┌─ Data for this exercise
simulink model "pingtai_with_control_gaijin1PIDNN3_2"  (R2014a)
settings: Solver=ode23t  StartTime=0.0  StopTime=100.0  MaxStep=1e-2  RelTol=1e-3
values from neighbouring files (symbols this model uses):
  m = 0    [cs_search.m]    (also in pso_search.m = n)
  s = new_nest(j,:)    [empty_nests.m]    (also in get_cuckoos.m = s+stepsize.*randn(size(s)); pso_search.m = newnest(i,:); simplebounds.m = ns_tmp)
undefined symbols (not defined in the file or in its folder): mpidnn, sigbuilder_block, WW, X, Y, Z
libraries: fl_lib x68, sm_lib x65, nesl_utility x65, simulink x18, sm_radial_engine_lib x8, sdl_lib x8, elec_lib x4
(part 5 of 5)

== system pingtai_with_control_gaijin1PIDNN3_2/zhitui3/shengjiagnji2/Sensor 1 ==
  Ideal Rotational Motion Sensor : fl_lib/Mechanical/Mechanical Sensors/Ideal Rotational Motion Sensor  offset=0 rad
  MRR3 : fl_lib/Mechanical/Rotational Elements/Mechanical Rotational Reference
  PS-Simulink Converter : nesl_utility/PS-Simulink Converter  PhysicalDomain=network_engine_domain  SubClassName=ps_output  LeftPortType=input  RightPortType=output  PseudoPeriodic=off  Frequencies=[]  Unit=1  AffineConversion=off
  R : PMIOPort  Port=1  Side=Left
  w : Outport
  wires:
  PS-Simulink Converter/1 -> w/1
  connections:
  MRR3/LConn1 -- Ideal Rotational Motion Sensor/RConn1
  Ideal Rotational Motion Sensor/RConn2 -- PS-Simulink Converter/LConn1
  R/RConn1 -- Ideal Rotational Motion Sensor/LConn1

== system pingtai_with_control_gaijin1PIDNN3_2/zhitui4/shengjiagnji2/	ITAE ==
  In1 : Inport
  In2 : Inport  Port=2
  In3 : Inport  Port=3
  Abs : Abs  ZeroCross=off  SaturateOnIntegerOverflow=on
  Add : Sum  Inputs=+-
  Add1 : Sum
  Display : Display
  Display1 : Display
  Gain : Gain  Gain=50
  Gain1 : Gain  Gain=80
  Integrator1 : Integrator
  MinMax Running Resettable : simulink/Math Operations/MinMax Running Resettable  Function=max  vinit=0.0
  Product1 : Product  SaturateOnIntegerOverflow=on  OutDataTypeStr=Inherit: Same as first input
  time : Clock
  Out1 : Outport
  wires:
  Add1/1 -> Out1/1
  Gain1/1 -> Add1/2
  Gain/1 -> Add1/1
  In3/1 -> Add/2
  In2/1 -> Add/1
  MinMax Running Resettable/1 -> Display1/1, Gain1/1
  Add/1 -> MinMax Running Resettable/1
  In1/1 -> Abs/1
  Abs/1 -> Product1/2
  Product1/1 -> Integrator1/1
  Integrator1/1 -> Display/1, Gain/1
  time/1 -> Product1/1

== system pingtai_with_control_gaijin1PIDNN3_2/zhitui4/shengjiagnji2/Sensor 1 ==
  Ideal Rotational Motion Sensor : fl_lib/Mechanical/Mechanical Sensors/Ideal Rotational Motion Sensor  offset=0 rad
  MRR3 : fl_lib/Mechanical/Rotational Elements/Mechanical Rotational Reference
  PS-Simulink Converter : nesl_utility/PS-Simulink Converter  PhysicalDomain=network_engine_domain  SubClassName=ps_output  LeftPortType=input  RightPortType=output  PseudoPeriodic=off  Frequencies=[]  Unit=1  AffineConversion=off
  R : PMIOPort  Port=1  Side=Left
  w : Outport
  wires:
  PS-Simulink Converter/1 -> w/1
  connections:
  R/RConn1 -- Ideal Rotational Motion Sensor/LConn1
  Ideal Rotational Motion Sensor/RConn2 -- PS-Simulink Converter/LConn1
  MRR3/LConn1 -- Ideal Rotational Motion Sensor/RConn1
└─
_Exercise aim_
Would you copy each line of the data exactly as it appears above?

_Answer_
simulink model "pingtai_with_control_gaijin1PIDNN3_2"  (R2014a)
settings: Solver=ode23t  StartTime=0.0  StopTime=100.0  MaxStep=1e-2  RelTol=1e-3
values from neighbouring files (symbols this model uses):
  m = 0    [cs_search.m]    (also in pso_search.m = n)
  s = new_nest(j,:)    [empty_nests.m]    (also in get_cuckoos.m = s+stepsize.*randn(size(s)); pso_search.m = newnest(i,:); simplebounds.m = ns_tmp)
undefined symbols (not defined in the file or in its folder): mpidnn, sigbuilder_block, WW, X, Y, Z
libraries: fl_lib x68, sm_lib x65, nesl_utility x65, simulink x18, sm_radial_engine_lib x8, sdl_lib x8, elec_lib x4
(part 5 of 5)

== system pingtai_with_control_gaijin1PIDNN3_2/zhitui3/shengjiagnji2/Sensor 1 ==
  Ideal Rotational Motion Sensor : fl_lib/Mechanical/Mechanical Sensors/Ideal Rotational Motion Sensor  offset=0 rad
  MRR3 : fl_lib/Mechanical/Rotational Elements/Mechanical Rotational Reference
  PS-Simulink Converter : nesl_utility/PS-Simulink Converter  PhysicalDomain=network_engine_domain  SubClassName=ps_output  LeftPortType=input  RightPortType=output  PseudoPeriodic=off  Frequencies=[]  Unit=1  AffineConversion=off
  R : PMIOPort  Port=1  Side=Left
  w : Outport
  wires:
  PS-Simulink Converter/1 -> w/1
  connections:
  MRR3/LConn1 -- Ideal Rotational Motion Sensor/RConn1
  Ideal Rotational Motion Sensor/RConn2 -- PS-Simulink Converter/LConn1
  R/RConn1 -- Ideal Rotational Motion Sensor/LConn1

== system pingtai_with_control_gaijin1PIDNN3_2/zhitui4/shengjiagnji2/	ITAE ==
  In1 : Inport
  In2 : Inport  Port=2
  In3 : Inport  Port=3
  Abs : Abs  ZeroCross=off  SaturateOnIntegerOverflow=on
  Add : Sum  Inputs=+-
  Add1 : Sum
  Display : Display
  Display1 : Display
  Gain : Gain  Gain=50
  Gain1 : Gain  Gain=80
  Integrator1 : Integrator
  MinMax Running Resettable : simulink/Math Operations/MinMax Running Resettable  Function=max  vinit=0.0
  Product1 : Product  SaturateOnIntegerOverflow=on  OutDataTypeStr=Inherit: Same as first input
  time : Clock
  Out1 : Outport
  wires:
  Add1/1 -> Out1/1
  Gain1/1 -> Add1/2
  Gain/1 -> Add1/1
  In3/1 -> Add/2
  In2/1 -> Add/1
  MinMax Running Resettable/1 -> Display1/1, Gain1/1
  Add/1 -> MinMax Running Resettable/1
  In1/1 -> Abs/1
  Abs/1 -> Product1/2
  Product1/1 -> Integrator1/1
  Integrator1/1 -> Display/1, Gain/1
  time/1 -> Product1/1

== system pingtai_with_control_gaijin1PIDNN3_2/zhitui4/shengjiagnji2/Sensor 1 ==
  Ideal Rotational Motion Sensor : fl_lib/Mechanical/Mechanical Sensors/Ideal Rotational Motion Sensor  offset=0 rad
  MRR3 : fl_lib/Mechanical/Rotational Elements/Mechanical Rotational Reference
  PS-Simulink Converter : nesl_utility/PS-Simulink Converter  PhysicalDomain=network_engine_domain  SubClassName=ps_output  LeftPortType=input  RightPortType=output  PseudoPeriodic=off  Frequencies=[]  Unit=1  AffineConversion=off
  R : PMIOPort  Port=1  Side=Left
  w : Outport
  wires:
  PS-Simulink Converter/1 -> w/1
  connections:
  R/RConn1 -- Ideal Rotational Motion Sensor/LConn1
  Ideal Rotational Motion Sensor/RConn2 -- PS-Simulink Converter/LConn1
  MRR3/LConn1 -- Ideal Rotational Motion Sensor/RConn1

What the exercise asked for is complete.